There is one more thing we would like to ask you.
We are encouraging researchers at different career stages to share ideas about complex science problems that could benefit from a large-scale AI effort. We found that motivation and recognition could be provided if you and other well-known scientists were willing to talk to people that suggest the best ideas. You would be the judge and decide if any idea is for you deserving of attention. Any scientist selected might receive advice but could also be a potential collaborator. Many ideas will be produced, and society will take notice.
Jack:
I would be happy to be involved. I love having those discussions. I love stimulating ideas.
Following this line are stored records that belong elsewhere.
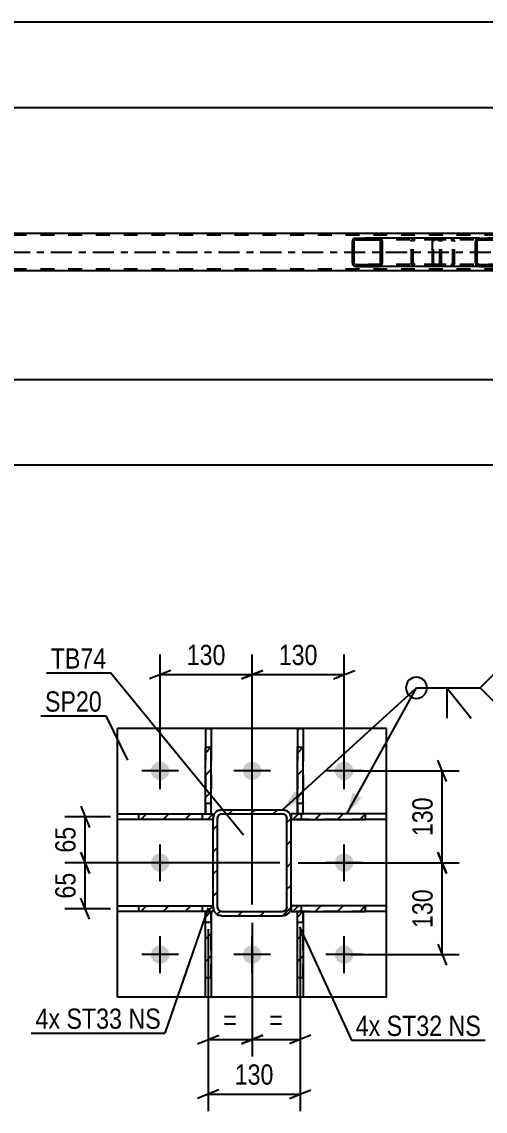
# Model space of a CAD drawing. Header units: millimetres. Extents: x 0 to 841, y 0 to 594.
# Drawn here: x 273.4 to 338.9, y 104.8 to 258.9 of the extents above; entities that cross this region are included whole.
import ezdxf

# ---------------------------------------------------------------- set-up
doc = ezdxf.new("R2010")
doc.units = ezdxf.units.MM
doc.linetypes.add('DXK_LINE_DOT2', pattern=[3.9198, 1.9599, -1.9599])
doc.linetypes.add('DXK_LINE_DOT3', pattern=[5.9187, 2.979, -0.9799, 0.9799, -0.9799])
doc.styles.add('Arial', font='ARIAL.TTF', dxfattribs={"height": 0.2})
doc.styles.add('Arial Narrow', font='ARIALN.TTF', dxfattribs={"height": 0.2})

# ---------------------------------------------------------------- blocks, each defined once
blk = doc.blocks.new('Part-103655217-5565 - 5425')
at = {"linetype": 'Continuous'}
h = blk.add_hatch(dxfattribs=at)
h.set_pattern_fill('', scale=0.7, style=0, pattern_type=0)
h.set_pattern_definition([(45, (341.6358, 227.9618), (-1.57154, 1.57154), [])])
h.paths.add_polyline_path([(341.67, 227.78), (341.64, 227.96), (341.53, 228.12), (341.36, 228.22), (341.17, 228.26), (337.99, 228.26), (337.79, 228.22), (337.63, 228.12), (337.52, 227.96), (337.48, 227.78), (337.48, 224.74), (337.52, 224.55), (337.63, 224.4), (337.79, 224.29), (337.99, 224.26), (341.17, 224.26), (341.36, 224.29), (341.53, 224.4), (341.64, 224.55), (341.67, 224.74)])
h.paths.add_polyline_path([(341.4, 224.65), (341.35, 224.57), (341.27, 224.52), (341.17, 224.5), (337.99, 224.5), (337.89, 224.52), (337.81, 224.57), (337.75, 224.65), (337.74, 224.74), (337.74, 227.78), (337.75, 227.87), (337.81, 227.95), (337.89, 228), (337.99, 228.02), (341.17, 228.02), (341.27, 228), (341.35, 227.95), (341.4, 227.87), (341.42, 227.78), (341.42, 224.74)])
at = {"color": 2, "linetype": 'Continuous'}
for p, q in [((331.44, 227.96), (331.5, 228.12)), ((331.5, 228.12), (331.58, 228.22)), ((331.58, 228.22), (331.69, 228.26)), ((337.99, 228.26), (331.69, 228.26)), ((337.99, 228.26), (337.79, 228.22)), ((337.99, 228.26), (341.17, 228.26)), ((341.36, 228.22), (341.17, 228.26)), ((331.42, 227.78), (331.44, 227.96)), ((331.42, 224.74), (331.42, 227.78)), ((337.52, 227.96), (337.48, 227.78)), ((337.48, 224.74), (337.48, 227.78)), ((337.74, 227.78), (337.75, 227.87)), ((337.74, 224.74), (337.74, 227.78)), ((337.75, 227.87), (337.81, 227.95)), ((337.81, 227.95), (337.89, 228)), ((337.89, 228), (337.99, 228.02)), ((337.99, 228.02), (341.17, 228.02)), ((341.17, 228.02), (341.27, 228)), ((341.27, 228), (341.35, 227.95)), ((341.35, 227.95), (341.4, 227.87)), ((341.4, 227.87), (341.42, 227.78)), ((341.42, 224.74), (341.42, 227.78)), ((341.67, 227.78), (341.64, 227.96)), ((341.67, 224.74), (341.67, 227.78)), ((331.44, 224.55), (331.42, 224.74)), ((331.5, 224.4), (331.44, 224.55)), ((331.58, 224.29), (331.5, 224.4)), ((331.69, 224.26), (331.58, 224.29)), ((337.99, 224.26), (331.69, 224.26)), ((337.48, 224.74), (337.52, 224.55)), ((337.75, 224.65), (337.74, 224.74)), ((337.81, 224.57), (337.75, 224.65)), ((337.79, 224.29), (337.99, 224.26)), ((337.89, 224.52), (337.81, 224.57)), ((337.99, 224.5), (337.89, 224.52)), ((337.99, 224.5), (341.17, 224.5)), ((337.99, 224.26), (341.17, 224.26)), ((341.27, 224.52), (341.17, 224.5)), ((341.17, 224.26), (341.36, 224.29)), ((341.35, 224.57), (341.27, 224.52)), ((341.4, 224.65), (341.35, 224.57)), ((341.42, 224.74), (341.4, 224.65)), ((341.64, 224.55), (341.67, 224.74))]:
    blk.add_line(p, q, dxfattribs=at)
at = {"color": 7, "linetype": 'DXK_LINE_DOT2'}
for p, q in [((332.68, 228.02), (332.68, 228.26)), ((334.02, 228.26), (334.21, 228.22)), ((341.17, 228.26), (337.99, 228.26)), ((331.56, 227.87), (331.55, 227.78)), ((331.55, 224.74), (331.55, 227.78)), ((331.59, 227.95), (331.56, 227.87)), ((331.64, 228), (331.59, 227.95)), ((331.69, 228.02), (331.64, 228)), ((341.17, 228.02), (331.69, 228.02)), ((334.12, 228), (334.02, 228.02)), ((334.2, 227.95), (334.12, 228)), ((334.25, 227.87), (334.2, 227.95)), ((334.27, 227.78), (334.25, 227.87)), ((334.27, 224.74), (334.27, 227.78)), ((334.49, 227.96), (334.52, 227.78)), ((334.52, 224.74), (334.52, 227.78)), ((331.55, 224.74), (331.56, 224.65)), ((331.56, 224.65), (331.59, 224.57)), ((331.59, 224.57), (331.64, 224.52)), ((331.64, 224.52), (331.69, 224.5)), ((341.17, 224.5), (331.69, 224.5)), ((332.68, 224.26), (332.68, 224.5)), ((334.02, 224.5), (334.12, 224.52)), ((334.21, 224.29), (334.02, 224.26)), ((334.12, 224.52), (334.2, 224.57)), ((334.2, 224.57), (334.25, 224.65)), ((334.25, 224.65), (334.27, 224.74)), ((334.52, 224.74), (334.49, 224.55)), ((341.17, 224.26), (337.99, 224.26))]:
    blk.add_line(p, q, dxfattribs=at)
for centre, start, end in [((334.04, 227.76), 23.8494, 68.8059), ((334.04, 224.75), 291.1941, 336.1506)]:
    blk.add_arc(centre, 0.492, start, end, dxfattribs=at)
at = {"color": 2, "linetype": 'Continuous'}
for centre, start, end in [((337.97, 227.76), 111.1941, 156.1506), ((341.19, 227.76), 23.8494, 68.8059), ((337.97, 224.75), 203.8494, 248.8059), ((341.19, 224.75), 291.1941, 336.1506)]:
    blk.add_arc(centre, 0.492, start, end, dxfattribs=at)
blk = doc.blocks.new('Part-103655217-5570 - 5425')
at = {"linetype": 'Continuous'}
h = blk.add_hatch(dxfattribs=at)
h.set_pattern_fill('', scale=0.7, style=0, pattern_type=0)
h.set_pattern_definition([(45, (324.2931, 227.9618), (-1.57154, 1.57154), [])])
h.paths.add_polyline_path([(324.33, 227.78), (324.29, 227.96), (324.18, 228.12), (324.02, 228.22), (323.82, 228.26), (320.59, 228.26), (320.39, 228.22), (320.22, 228.12), (320.11, 227.96), (320.08, 227.78), (320.08, 224.74), (320.11, 224.55), (320.22, 224.4), (320.39, 224.29), (320.59, 224.26), (323.82, 224.26), (324.02, 224.29), (324.18, 224.4), (324.29, 224.55), (324.33, 224.74)])
h.paths.add_polyline_path([(324.06, 224.65), (324, 224.57), (323.92, 224.52), (323.82, 224.5), (320.59, 224.5), (320.49, 224.52), (320.41, 224.57), (320.35, 224.65), (320.33, 224.74), (320.33, 227.78), (320.35, 227.87), (320.41, 227.95), (320.49, 228), (320.59, 228.02), (323.82, 228.02), (323.92, 228), (324, 227.95), (324.06, 227.87), (324.08, 227.78), (324.08, 224.74)])
at = {"color": 2, "linetype": 'Continuous'}
for p, q in [((320.59, 228.26), (320.39, 228.22)), ((320.59, 228.26), (323.82, 228.26)), ((331.69, 228.26), (323.82, 228.26)), ((324.02, 228.22), (323.82, 228.26)), ((320.11, 227.96), (320.08, 227.78)), ((320.08, 224.74), (320.08, 227.78)), ((320.33, 227.78), (320.35, 227.87)), ((320.33, 224.74), (320.33, 227.78)), ((320.35, 227.87), (320.41, 227.95)), ((320.41, 227.95), (320.49, 228)), ((320.49, 228), (320.59, 228.02)), ((320.59, 228.02), (323.82, 228.02)), ((323.82, 228.02), (323.92, 228)), ((323.92, 228), (324, 227.95)), ((324, 227.95), (324.06, 227.87)), ((324.06, 227.87), (324.08, 227.78)), ((324.08, 224.74), (324.08, 227.78)), ((324.33, 227.78), (324.29, 227.96)), ((324.33, 224.74), (324.33, 227.78)), ((320.08, 224.74), (320.11, 224.55)), ((320.35, 224.65), (320.33, 224.74)), ((320.41, 224.57), (320.35, 224.65)), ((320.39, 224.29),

I have always been very collaborative and there's way more that needs to be done that we can never handle. I can even come up with very discrete research programs and I'm happy to share those if anybody wants to take our data and do something fun with it in the AI space.
REFERENCES
- Gaines, Sara, et al. "Western diet promotes intestinal colonization by collagenolytic microbes and promotes tumor formation after colorectal surgery." Gastroenterology 158.4 (2020): 958-970.
- Zarraonaindia, Iratxe, et al. "Response of horticultural soil microbiota to different fertilization practices." Plants 9.11 (2020): 1501.